Testing matrix multiplication with FPU
cycle count 452

Testing matrix multiplication with SSE
cycle count 187


I'm coding some quaternion operations right now...

Greets, Gábor

Rockoon

56 cycles is still way too much for SSE vector normalization.. something is wrong.

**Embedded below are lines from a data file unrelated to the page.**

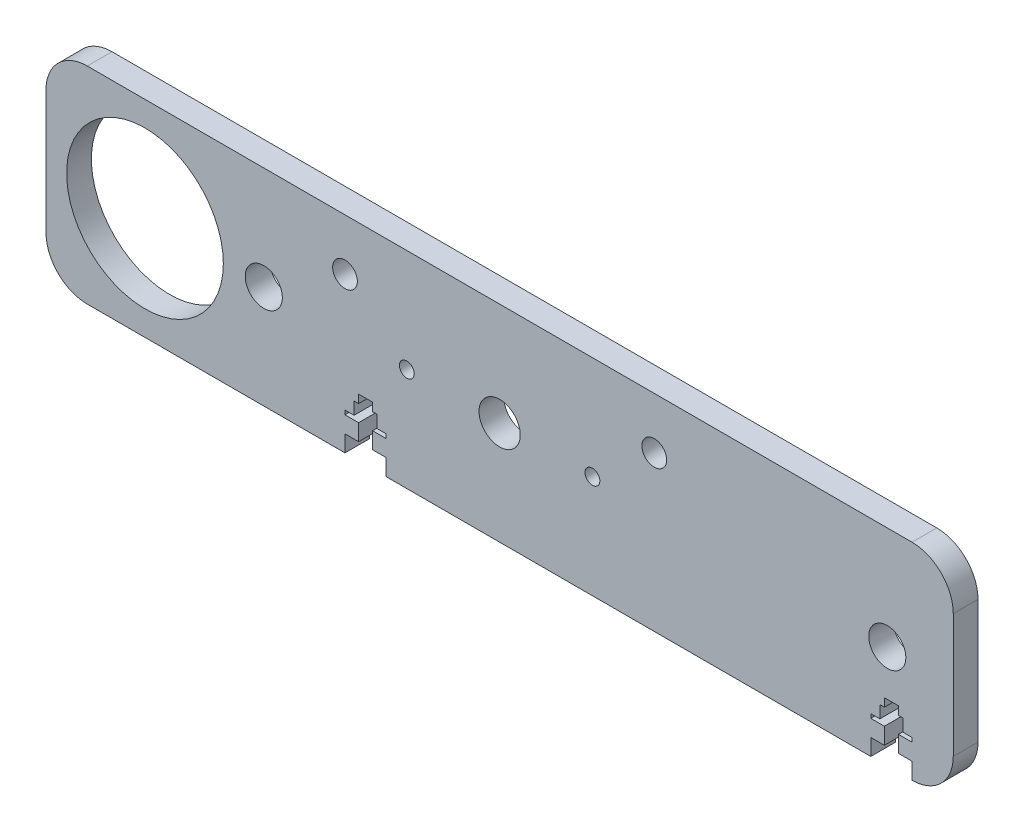
SolidWorks part; units mm, degrees
material "Balsa"
ref_plane "Plano frontal" through (0, 0, 0) normal (0, 0, 1) x (1, 0, 0)
ref_plane "Plano superior" through (0, 0, 0) normal (0, 1, 0) x (1, 0, 0)
ref_plane "Plano direito" through (0, 0, 0) normal (1, 0, 0) x (0, 0, -1)
sketch "Esboço1" plane through (0, 0, 0) normal (0, 0, 1) x (1, 0, 0)
  line L0 (100, -25) -> (100, -21)
  line L1 (-100, -25) -> (-37.5, -25)
  line L2 (-110, -15) -> (-110, 15)
  line L3 (-100, 25) -> (100, 25)
  line L4 (110, -15) -> (110, 15)
  line L5 (-110, -25) -> (110, 25) construction
  line L6 (-110, 25) -> (110, -25) construction
  line L7 (-86, 19) -> (-86, 25) construction
  line L8 (0, 25) -> (0, 0) construction
  line L9 (-52.69, 0) -> (-52.69, 1.5)
  line L10 (-37.5, 12.5) -> (37.5, 12.5) construction
  line L11 (-22.5, 0) -> (22.5, 0) construction
  line L12 (100, -21) -> (96.7, -21)
  line L13 (90, -21) -> (90, -25)
  line L14 (-37.5, -25) -> (-37.5, -21)
  line L15 (-37.5, -21) -> (-34.2, -21)
  line L16 (-27.5, -21) -> (-27.5, -25)
  line L17 (-27.5, -25) -> (90, -25)
  line L18 (-32.5, -25) -> (-32.5, -13.0244) construction
  line L19 (-34.2, -21) -> (-34.2, -17)
  line L20 (-34.2, -17) -> (-37.5, -17)
  line L21 (-35.3, -16) -> (-35.3, -13)
  line L22 (-35.3, -13) -> (-34.2, -13)
  line L23 (-37.5, -25) -> (-27.5, -25) construction
  line L24 (-34.2, -13) -> (-34.2, -11)
  line L25 (-34.2, -11) -> (-30.8, -11)
  line L26 (-35.3, -16) -> (-37.5, -16)
  line L27 (-37.5, -16) -> (-37.5, -17)
  line L28 (-27.5, -16) -> (-27.5, -17)
  line L29 (-29.7, -16) -> (-27.5, -16)
  line L30 (-30.8, -13) -> (-30.8, -11)
  line L31 (-29.7, -13) -> (-30.8, -13)
  line L32 (-29.7, -16) -> (-29.7, -13)
  line L33 (-30.8, -17) -> (-27.5, -17)
  line L34 (-30.8, -21) -> (-30.8, -17)
  line L35 (-27.5, -21) -> (-30.8, -21)
  line L36 (100, -16) -> (100, -17)
  line L37 (90, -16) -> (90, -17)
  line L38 (96.7, -17) -> (100, -17)
  line L39 (93.3, -17) -> (90, -17)
  line L40 (96.7, -13) -> (96.7, -11)
  line L41 (97.8, -13) -> (96.7, -13)
  line L42 (93.3, -13) -> (93.3, -11)
  line L43 (93.3, -11) -> (96.7, -11)
  line L44 (93.3, -21) -> (93.3, -17)
  line L45 (95, -25) -> (95, -15.5244) construction
  line L46 (92.2, -16) -> (92.2, -13)
  line L47 (96.7, -21) -> (96.7, -17)
  line L48 (97.8, -16) -> (100, -16)
  line L49 (92.2, -16) -> (90, -16)
  line L50 (92.2, -13) -> (93.3, -13)
  line L51 (97.8, -16) -> (97.8, -13)
  line L52 (93.3, -21) -> (90, -21)
  circle A0 centre (-86, 0) radius 19
  circle A1 centre (94, 0) radius 4.5
  arc A2 (100, -25) -> (110, -15) centre (100, -15) ccw
  arc A3 (100, 25) -> (110, 15) centre (100, 15) cw
  arc A4 (-110, 15) -> (-100, 25) centre (-100, 15) cw
  arc A5 (-100, -25) -> (-110, -15) centre (-100, -15) cw
  circle A6 centre (0, 0) radius 5
  circle A7 centre (-57.19, 0) radius 4.5
  circle A8 centre (-22.5, 0) radius 1.8
  circle A9 centre (22.5, 0) radius 1.8
  circle A10 centre (-37.5, 12.5) radius 3
  circle A11 centre (37.5, 12.5) radius 3
  point P0 (0, 0)
  point P34 (0, 12.5)
  point P35 (0, 12.5)
  point P42 (0, 0)
  point P60 (-32.5, -25)
  point P67 (-32.5, -11)
  point P84 (94.8463, -8.5)
  dimension "D3" = 38
  dimension "D5" = 9
  dimension "D6" = 10
  dimension "D9" = 28.81
  dimension "D10" = 75
  dimension "D11" = 6
  dimension "D12" = 3.6
  dimension "D14" = 10
  dimension "D1" = 220
  dimension "D2" = 50
  dimension "D4" = 180
  dimension "D7" = 4
  dimension "D8" = 10
  dimension "D13" = 45
  dimension "D15" = 10
  dimension "D16" = 10
  dimension "D17" = 4
  dimension "D18" = 4
  dimension "D19" = 4
  dimension "D20" = 5.6
  dimension "D21" = 3.4
  dimension "D22" = 2
  dimension "D23" = 1
  dimension "D24" = 10
  dimension "D25" = 4
  dimension "D26" = 3.4
  dimension "D27" = 5.6
  dimension "D28" = 2
  dimension "D29" = 4
  dimension "D30" = 1
  dimension "D31" = 10
extrude "Ressalto-extrusão1" add sketch "Esboço1" along normal blind 6 contours A5 L1 A2 L4 A3 L3 A4 L2 A11 A10 A9 A8 A6 A1 A0 A7 region at (9.6259, 0.2821, 0)

Using only SSE scaler ops:

3 loads
3 multiplications
2 additions
1 reciprocal sqrt
3 more multiplications
3 stores
1 function return
----
16 instructions total


The worst latency here should be the rsqrtss at 4 clock latency on the P4, the rest should be between 1 and 3. You seem to be averaging 3.5 clock cycles per instruction, an instruction throughput of only 0.286 per cycle.

Something is wrong with this picture. The P4 sucks, but it doesnt suck that badly.
When C++ compilers can be coerced to emit rcl and rcr, I *might* consider using one.